General rule of thumb, no installations of LPG appliances in basements, crawlspaces, etc. (CMC).

I have inspected one residential LPG furnace located in a crawlspace here, late 90's. It was a specially designed furnace that had all types of direct venting to exterior, alarms, etc. If there's a question, my advice would be to check the manufacturer's installation instructions.

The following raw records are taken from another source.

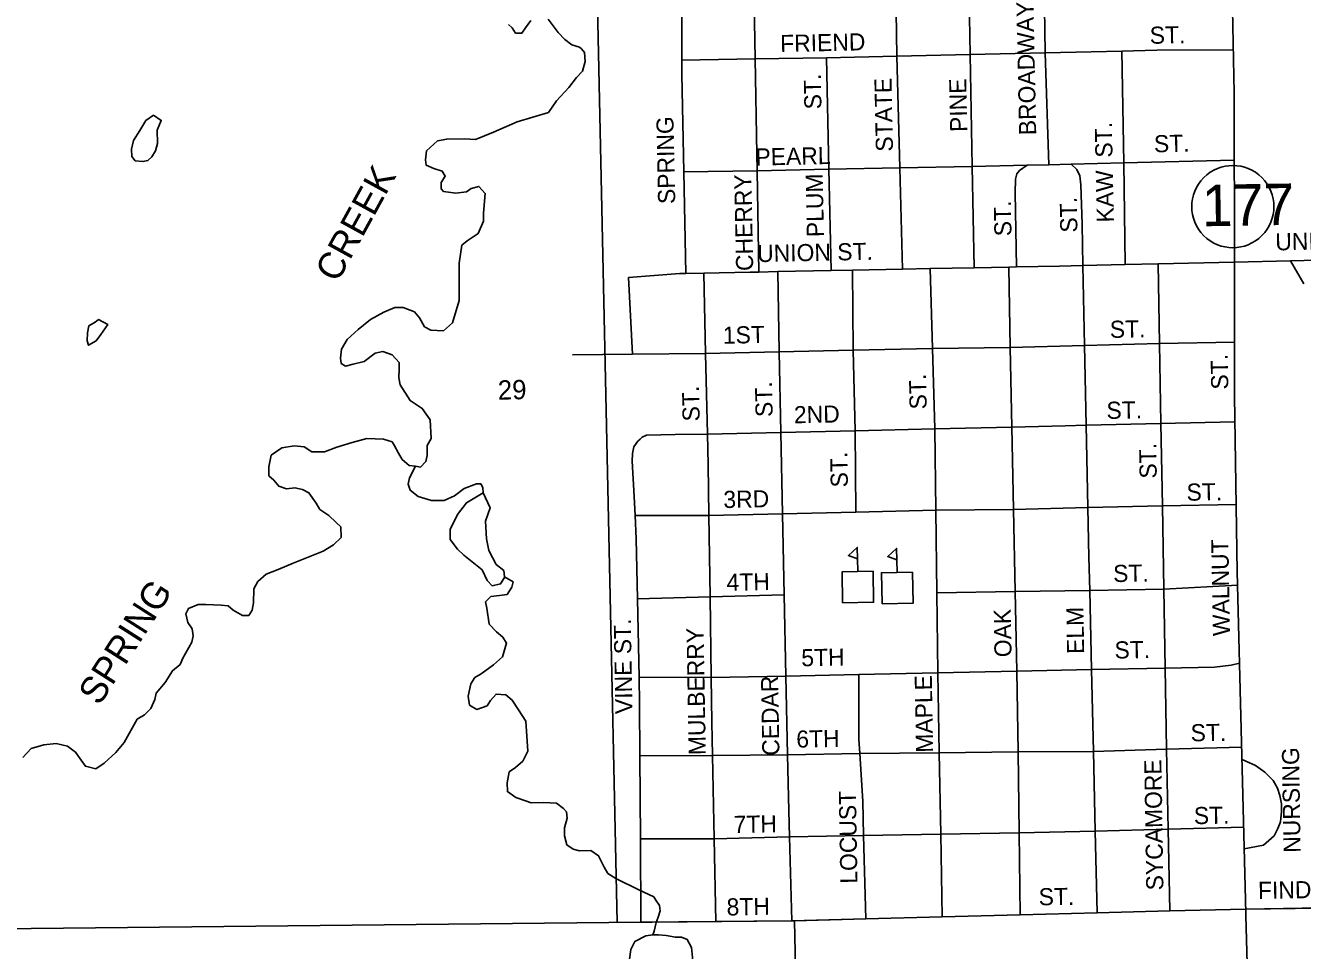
# Model space of a CAD drawing. Extents: x 77.09 to 81.5, y -9.48 to -5.47.
# Drawn here: x 78.39 to 79.382, y -8.899 to -8.18 of the extents above; entities that cross this region are included whole.
import ezdxf

# ---------------------------------------------------------------- set-up
doc = ezdxf.new("R2010")
doc.units = 0
for name, color, linetype in [('PL City City Limits and Fill', 7, 'Continuous'), ('PL City K Route', 7, 'Continuous'), ('PL City K Rte Shields', 7, 'Continuous'), ('PL City Lakes', 7, 'Continuous'), ('PL City Local Rd Street Names', 7, 'Continuous'), ('PL City Local Roads', 7, 'Continuous'), ('PL City River and Creek Text', 7, 'Continuous'), ('PL City Rivers', 7, 'Continuous'), ('PL City Schools', 7, 'Continuous'), ('PL City Section Lines', 7, 'Continuous'), ('PL City Tributaries', 7, 'Continuous')]:
    doc.layers.add(name, color=color, linetype=linetype)

msp = doc.modelspace()

# ---------------------------------------------------------------- linework, layer by layer
at = {"layer": 'PL City City Limits and Fill'}
for points in [[(78.85004, -8.87718), (78.83063, -7.97271), (78.82864, -7.87778)], [(79.47245, -8.865), (79.33829, -8.86671), (79.27931, -8.86824), (79.22284, -8.86969), (79.16296, -8.87124), (79.10252, -8.8728), (79.04313, -8.87433), (78.98561, -8.87578), (78.85004, -8.87718)]]:
    msp.add_lwpolyline(points, dxfattribs=at)
at = {"layer": 'PL City K Route'}
msp.add_lwpolyline([(79.35351, -9.37083), (79.34741, -9.09922), (79.34731, -9.09489), (79.34555, -9.04527), (79.3403, -8.94611), (79.33842, -8.87204), (79.33837, -8.87004), (79.33165, -8.60488), (79.32944, -8.46817), (79.32938, -8.36932), (79.32929, -8.23252), (79.32682, -8.11593), (79.32505, -8.03281), (79.32428, -7.99662), (79.32406, -7.95317), (79.3193, -7.73438), (79.31121, -7.36186)], dxfattribs=at)
at = {"layer": 'PL City K Rte Shields'}
msp.add_ellipse((79.32823, -8.32103), major_axis=(0.02257, 0.02257), ratio=0.999761, dxfattribs=at)
at = {"layer": 'PL City Lakes'}
for points in [[(78.48972, -8.25002), (78.48381, -8.25425), (78.47904, -8.26191), (78.47428, -8.26957), (78.47276, -8.2765), (78.47284, -8.28201), (78.47561, -8.28542), (78.48159, -8.28601), (78.48538, -8.28526), (78.4886, -8.28246), (78.49124, -8.27759), (78.49278, -8.27204), (78.49262, -8.2617), (78.49575, -8.25406)], [(78.44713, -8.40865), (78.44445, -8.41076), (78.43961, -8.4136), (78.43861, -8.41913), (78.43816, -8.42535), (78.4393, -8.42878), (78.44522, -8.42524), (78.44895, -8.42035), (78.45426, -8.41268)], [(78.74577, -8.54329), (78.73286, -8.55109), (78.72594, -8.56016), (78.72015, -8.57198), (78.72027, -8.57957), (78.72582, -8.58707), (78.73079, -8.59182), (78.73849, -8.5979), (78.74509, -8.60332), (78.74902, -8.61153), (78.75288, -8.61561), (78.75938, -8.61413), (78.76256, -8.60925), (78.76255, -8.60856), (78.76193, -8.60374), (78.75588, -8.59901), (78.75028, -8.58806), (78.74851, -8.57912), (78.74775, -8.56534), (78.75139, -8.55493)], [(78.86644, -8.92837), (78.86915, -8.92833), (78.87288, -8.92344), (78.87819, -8.91577), (78.8841, -8.91154), (78.88899, -8.91215), (78.89663, -8.9141), (78.90369, -8.91399), (78.90853, -8.91115), (78.90842, -8.90426), (78.90776, -8.89668), (78.9044, -8.89052), (78.90003, -8.88852), (78.89514, -8.8886), (78.88806, -8.88733), (78.88207, -8.88674), (78.87773, -8.88681), (78.87231, -8.88758), (78.86369, -8.89186), (78.86053, -8.89811), (78.85956, -8.90572), (78.86028, -8.91674), (78.86144, -8.92155), (78.86318, -8.92842)]]:
    msp.add_lwpolyline(points, close=True, dxfattribs=at)
at = {"layer": 'PL City Local Roads'}
for points in [[(78.90015, -8.20728), (78.90035, -8.12115)], [(78.95708, -8.2062), (78.9555, -8.1198)], [(79.0671, -8.20417), (79.06599, -8.11708)], [(79.12405, -8.20287), (79.12271, -8.11569)], [(79.18235, -8.20154), (79.18105, -8.11426)], [(79.0671, -8.20417), (79.12405, -8.20287)], [(79.12405, -8.20287), (79.18235, -8.20154)], [(79.12573, -8.28983), (79.12405, -8.20287)], [(79.18235, -8.20154), (79.24201, -8.20018)], [(79.1853, -8.28849), (79.18235, -8.20154)], [(79.24201, -8.20018), (79.26917, -8.19956), (79.32859, -8.19927)], [(79.24359, -8.28709), (79.24201, -8.20018)], [(78.9017, -8.2941), (78.90012, -8.2182), (78.90015, -8.20728)], [(78.90015, -8.20728), (78.95708, -8.2062)], [(78.95708, -8.2062), (79.01249, -8.20542)], [(78.95867, -8.29327), (78.95844, -8.28024), (78.95708, -8.2062)], [(79.01249, -8.20542), (79.0671, -8.20417)], [(79.01446, -8.29195), (79.01249, -8.20542)], [(79.06947, -8.29089), (79.0671, -8.20417)], [(78.95867, -8.29327), (79.01446, -8.29195)], [(79.01446, -8.29195), (79.06947, -8.29089)], [(79.01625, -8.37071), (79.01446, -8.29195)], [(79.06947, -8.29089), (79.12573, -8.28983)], [(79.07161, -8.36961), (79.06947, -8.29089)], [(79.12573, -8.28983), (79.16851, -8.28887)], [(79.12725, -8.3685), (79.12573, -8.28983)], [(79.16027, -8.36784), (79.1592, -8.31033), (79.15947, -8.29968), (79.16053, -8.29568), (79.1624, -8.29302), (79.16851, -8.28887)], [(79.16851, -8.28887), (79.1853, -8.28849)], [(79.1853, -8.28849), (79.2026, -8.28808)], [(79.2026, -8.28808), (79.24359, -8.28709)], [(79.21167, -8.36679), (79.21113, -8.33456), (79.21006, -8.3042), (79.20926, -8.29701), (79.20713, -8.29222), (79.2026, -8.28808)], [(79.24359, -8.28709), (79.32933, -8.28503)], [(79.2447, -8.36608), (79.24359, -8.28709)], [(78.9017, -8.2941), (78.95867, -8.29327)], [(78.90333, -8.37294), (78.9017, -8.2941)], [(78.96006, -8.37184), (78.95867, -8.29327)], [(79.37301, -8.36321), (79.50056, -8.36014)], [(78.96006, -8.37184), (78.97466, -8.37154)], [(78.97466, -8.37154), (79.01625, -8.37071)], [(78.97588, -8.43386), (78.97466, -8.37154)], [(79.01625, -8.37071), (79.03271, -8.37039)], [(79.03271, -8.37039), (79.07161, -8.36961)], [(79.03327, -8.43257), (79.03271, -8.37039)], [(79.07161, -8.36961), (79.09316, -8.36918)], [(79.09316, -8.36918), (79.12725, -8.3685)], [(79.09489, -8.43118), (79.09316, -8.36918)], [(79.12725, -8.3685), (79.15414, -8.36796)], [(79.15414, -8.36796), (79.16027, -8.36784)], [(79.15534, -8.43041), (79.15414, -8.36796)], [(79.16027, -8.36784), (79.19355, -8.36718), (79.21167, -8.36679)], [(79.21167, -8.36679), (79.2447, -8.36608)], [(79.213, -8.4288), (79.21167, -8.36679)], [(79.2447, -8.36608), (79.27022, -8.36553)], [(79.27022, -8.36553), (79.32937, -8.36426)], [(79.27131, -8.42749), (79.27022, -8.36553)], [(79.32937, -8.36426), (79.37301, -8.36321)], [(79.37301, -8.36321), (79.38346, -8.38112)], [(78.85878, -8.37621), (78.89853, -8.37303), (78.90333, -8.37294)], [(78.86179, -8.43578), (78.85878, -8.37621)], [(78.90333, -8.37294), (78.91716, -8.37267)], [(78.91716, -8.37267), (78.95338, -8.37197), (78.96006, -8.37184)], [(78.91862, -8.43518), (78.91716, -8.37267)], [(79.03327, -8.43257), (79.09489, -8.43118)], [(79.09489, -8.43118), (79.15534, -8.43041)], [(79.09664, -8.49368), (79.09489, -8.43118)], [(79.15534, -8.43041), (79.213, -8.4288)], [(79.15652, -8.49225), (79.15534, -8.43041)], [(79.213, -8.4288), (79.27131, -8.42749)], [(79.21433, -8.49089), (79.213, -8.4288)], [(79.27131, -8.42749), (79.32941, -8.42642)], [(79.27239, -8.4896), (79.27131, -8.42749)], [(78.81518, -8.43627), (78.86179, -8.43578)], [(78.86179, -8.43578), (78.91862, -8.43518)], [(78.91862, -8.43518), (78.97588, -8.43386)], [(78.92008, -8.49789), (78.91862, -8.43518)], [(78.97588, -8.43386), (79.03327, -8.43257)], [(78.9771, -8.49653), (78.97588, -8.43386)], [(79.03486, -8.49515), (79.03327, -8.43257)], [(79.21433, -8.49089), (79.27239, -8.4896)], [(79.27239, -8.4896), (79.32976, -8.48832)], [(79.27346, -8.55342), (79.27239, -8.4896)], [(78.86777, -8.50164), (78.8695, -8.50004), (78.8727, -8.49871), (78.89506, -8.49818), (78.92008, -8.49789)], [(78.92008, -8.49789), (78.9771, -8.49653)], [(78.9212, -8.56087), (78.92063, -8.52135), (78.92008, -8.49789)], [(78.9771, -8.49653), (79.03486, -8.49515)], [(78.9784, -8.5598), (78.9771, -8.49653)], [(79.03486, -8.49515), (79.09664, -8.49368)], [(79.03542, -8.55841), (79.03486, -8.49515)], [(79.09664, -8.49368), (79.15652, -8.49225)], [(79.09744, -8.55689), (79.09664, -8.49368)], [(79.15652, -8.49225), (79.19808, -8.49126), (79.21433, -8.49089)], [(79.15788, -8.55634), (79.15652, -8.49225)], [(79.21565, -8.55477), (79.21433, -8.49089)], [(78.86383, -8.56092), (78.86311, -8.54611), (78.86152, -8.51868), (78.86178, -8.51283), (78.86285, -8.50777), (78.86604, -8.50324), (78.86777, -8.50164)], [(78.9212, -8.56087), (78.9784, -8.5598)], [(78.9784, -8.5598), (79.03542, -8.55841)], [(78.9797, -8.62263), (78.9784, -8.5598)], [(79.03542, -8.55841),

Sue, where the west still lives...............


----------



## Daddy-0-

How is a basement any different from a mechanical room or attic for that matter. We inspect propane appliances in basements, crawl spaces, garages, kitchens and lots of other places. Propane and natural gas do have different densities from air. This is why if you have to bring in makeup air for a mechanical room from an adjoining room, the code requires one grill within 12" of the top of the wall and one grill within 12" of the bottom. This is to circulate the air and keep any leaking gas from accumulating.


----------



## JBI

Daddy-O... You sure those aren't for 'combustion air'??

From the 2009 IFGC:

_101.2.2 Piping systems. These regulations cover piping systems for natural gas with an operating pressure of 125 pounds per square inch gauge (psig) (862 kPa gauge) or less, __and for LP-gas with an operating pressure of 20 psig (140 kPa gauge) or less__, except as provided in __Section 402.6._     and...

_*FUEL GAS.*__ A natural gas, manufactured gas, __liquefied petroleum gas__ or mixtures of these gases._     and...

_*303.3 Prohibited locations.*__ Appliances shall not be located in sleeping rooms, bathrooms, toilet rooms, storage closets or surgical rooms, or in a space that opens only into such rooms or spaces, except where the installation complies with one of the following: _

_        1. The appliance is a direct-vent appliance installed in accordance with the conditions of the listing and the manufacturer's _

_        instructions._

_2. Vented room heaters, wall furnaces, vented decorative appliances, vented gas fireplaces, vented gas fireplace heaters and decorative appliances for installation in vented solid fuel-burning fireplaces are installed in rooms that meet the required volume criteria of __Section 304.5.__3. A single wall-mounted unvented room heater is installed in a bathroom and such unvented room heater is equipped as specified in __Section 621.6__ and has an input rating not greater than 6,000 Btu/h (1.76 kW). The bathroom shall meet the required volume criteria of __Section 304.5.__4. A single wall-mounted unvented room heater is installed in a bedroom and such unvented room heater is equipped as specified in __Section 621.6__ and has an input rating not greater than 10,000 Btu/h (2.93 kW). The bedroom shall meet the required volume criteria of __Section 304.5.__5. The appliance is installed in a room or space that opens only into a bedroom or bathroom, and such room or space is used for no other purpose and is provided with a solid weather-stripped door equipped with an approved self-closing device. All combustion air shall be taken directly from the outdoors in accordance with __Section 304.6._Sounds to me like a) LP Gas installs are covered by the fuel gas code and b) there is no blanket prohibition on basement/crawlspace installs.

But I could be mistaken...


----------



## Daddy-0-

JBI,

We are on the same page. (Makeup air/combustion air) You are bringing in air for combustion and circulating. I am glad you brought up the section on bedrooms needing a weather stripped door if it adjoins a mechanical room with gas appliances. That gets missed alot in my area.


----------